Valve: Your Bitcoin Isn't Any Good on Steam Anymore

Share

"At this point, it has become untenable to support Bitcoin as a payment option", Valve said. According to the company, the reason for dropping Bitcoin is twofold: volatility is a concern, as are the rising cost of transactions fees on the Bitcoin network.

Valve's popular gaming and digital distribution platform Steam started accepting bitcoin payments back in April 2016, when the cryptocurrency was trading at about $450. Valve announced the news in a post to the Steam Blog today.

Bitcoin's recent rise in value has made some of its investors rich, most notably the Winklevoss twins who bought $11 million of the cryptocurrency when each coin was valued at $120.

Bitcoin valuation has become a problem recently as well, as the value fluctuates wildly over very short spans of time.

In the past few months we've seen an increase in the volatility in the value of Bitcoin and a significant increase in the fees to process transactions on the Bitcoin network. With Valve unable to control these blockchain-linked costs (passed on from third-party Bitpay), the company anxious that it was leading to "unreasonably high costs for purchasing games when paying with Bitcoin" (though apparently these are costs Bitcoin users as a whole have been willing to shoulder of late).

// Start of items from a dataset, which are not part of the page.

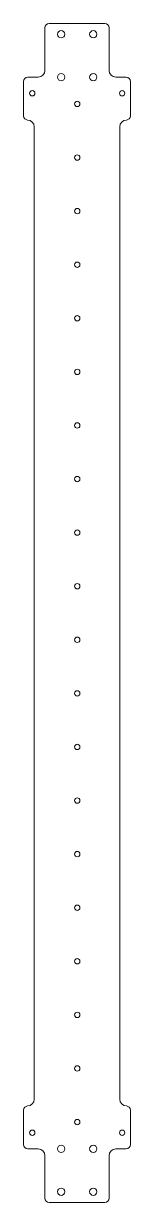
# Model space of a CAD drawing. Header units: millimetres. Extents: x -25 to 25, y -275 to 275.
import ezdxf

# ---------------------------------------------------------------- set-up
doc = ezdxf.new("R2010")
doc.units = ezdxf.units.MM

msp = doc.modelspace()

# ---------------------------------------------------------------- linework, layer by layer
at = {"color": 7, "linetype": 'Continuous', "lineweight": 15}
for p, q in [((13, 275), (-13, 275)), ((-15, 273), (-15, 253.18)), ((15, 253.18), (15, 273)), ((-25, 248), (-25, 232)), ((-18.18, 250), (-23, 250)), ((23, 250), (18.18, 250)), ((25, 232), (25, 248)), ((-20, 226.82), (-20, -226.82)), ((20, -226.82), (20, 226.82)), ((-25, -248), (-25, -232)), ((25, -232), (25, -248)), ((-18.18, -250), (-23, -250)), ((23, -250), (18.18, -250)), ((-15, -273), (-15, -253.18)), ((15, -253.18), (15, -273)), ((13, -275), (-13, -275))]:
    msp.add_line(p, q, dxfattribs=at)
for centre, radius in [((-7.38, 270), 1.7), ((7.62, 270), 1.7), ((-7.38, 250), 1.7), ((7.62, 250), 1.7), ((-20.89, 242.5), 1.25), ((21.11, 242.5), 1.25), ((0.11, 237.5), 1.25), ((0.11, 212.5), 1.25), ((0.11, 187.5), 1.25), ((0.11, 162.5), 1.25), ((0.11, 137.5), 1.25), ((0.11, 112.5), 1.25), ((0.11, 87.5), 1.25), ((0.11, 62.5), 1.25), ((0.11, 37.5), 1.25), ((0.11, 12.5), 1.25), ((0.11, -12.5), 1.25), ((0.11, -37.5), 1.25), ((0.11, -62.5), 1.25), ((0.11, -87.5), 1.25), ((0.11, -112.5), 1.25), ((0.11, -137.5), 1.25), ((0.11, -162.5), 1.25), ((0.11, -187.5), 1.25), ((0.11, -212.5), 1.25), ((0.11, -237.5), 1.25), ((-20.89, -242.5), 1.25), ((21.11, -242.5), 1.25), ((-7.38, -250), 1.7), ((7.62, -250), 1.7), ((-7.38, -270), 1.7), ((7.62, -270), 1.7)]:
    msp.add_circle(centre, radius, dxfattribs=at)
for centre, radius, start, end in [((-13, 273), 2, 90, 180), ((13, 273), 2, 0, 90), ((-18.18, 253.18), 3.17, 270, 0), ((18.18, 253.18), 3.18, 180, 270), ((-23, 248), 2, 90, 180), ((23, 248), 2, 0, 90), ((-23, 232), 2, 180, 268.0621), ((23, 232), 2, 271.9379, 0), ((-23.18, 226.82), 3.18, 0, 88.0621), ((23.18, 226.82), 3.18, 91.9379, 180), ((-23, -232), 2, 91.9379, 180), ((-23.18, -226.82), 3.18, 271.9379, 0), ((23.18, -226.82), 3.17, 180, 268.0621), ((23, -232), 2, 0, 88.0621), ((-23, -248), 2, 180, 270), ((-18.18, -253.18), 3.18, 0, 90), ((18.18, -253.18), 3.17, 90, 180), ((23, -248), 2, 270, 0), ((-13, -273), 2, 180, 270), ((13, -273), 2, 270, 0)]:
    msp.add_arc(centre, radius, start, end, dxfattribs=at)

doc.saveas('drawing.dxf')
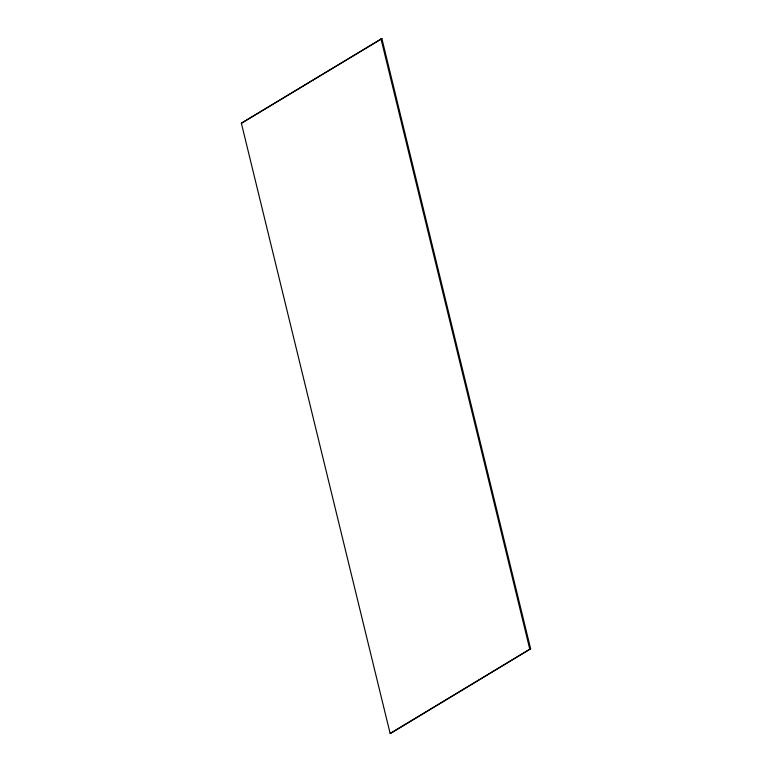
<?xml version="1.0" encoding="UTF-8"?>
<svg xmlns="http://www.w3.org/2000/svg" width="772" height="772" viewBox="0 0 772 772"><rect width="100%" height="100%" fill="white"/><g stroke="black" fill="none" stroke-linecap="round" stroke-linejoin="round"><path stroke-width="1.16" d="M241.375 123.23L381.879 38.6L530.625 648.769L391.018 733.197L390.121 733.4L241.375 123.23L381.879 38.6M390.121 733.4L530.625 648.769M380.982 38.803L529.727 648.972"/></g></svg>

More news: 'Today' show rules in ratings after Lauer gets canned

It said that fees to process Bitcoin payments had "skyrocketed" in 2017, making the virtual currency much less attractive as an option. Over the last week alone, the price has gone from $9,500 for a single Bitcoin to over $13,000. "This creates a problem for customers trying to purchase games with Bitcoin".

"When checking out on Steam, a customer will transfer x amount of Bitcoin for the cost of the game, plus y amount of Bitcoin to cover the transaction fee charged by the Bitcoin network", the company said. "The amount it can change has been increasing recently to a point where it can be significantly different", the blog post reads.

There's no good customer service response to this problem, Valve added, because if there's an imbalance in payments the same problem can repeat itself, and users can be hit with additional transaction fees.

Various cryptocurrency enthusiasts attempted to get Valve to consider accepting other cryptocurrencies as an alternative to bitcoin. However, the post did end by stating that Steam may re-evaluate Bitcoin in the future and decide then whether or not it is suitable for the company and its community.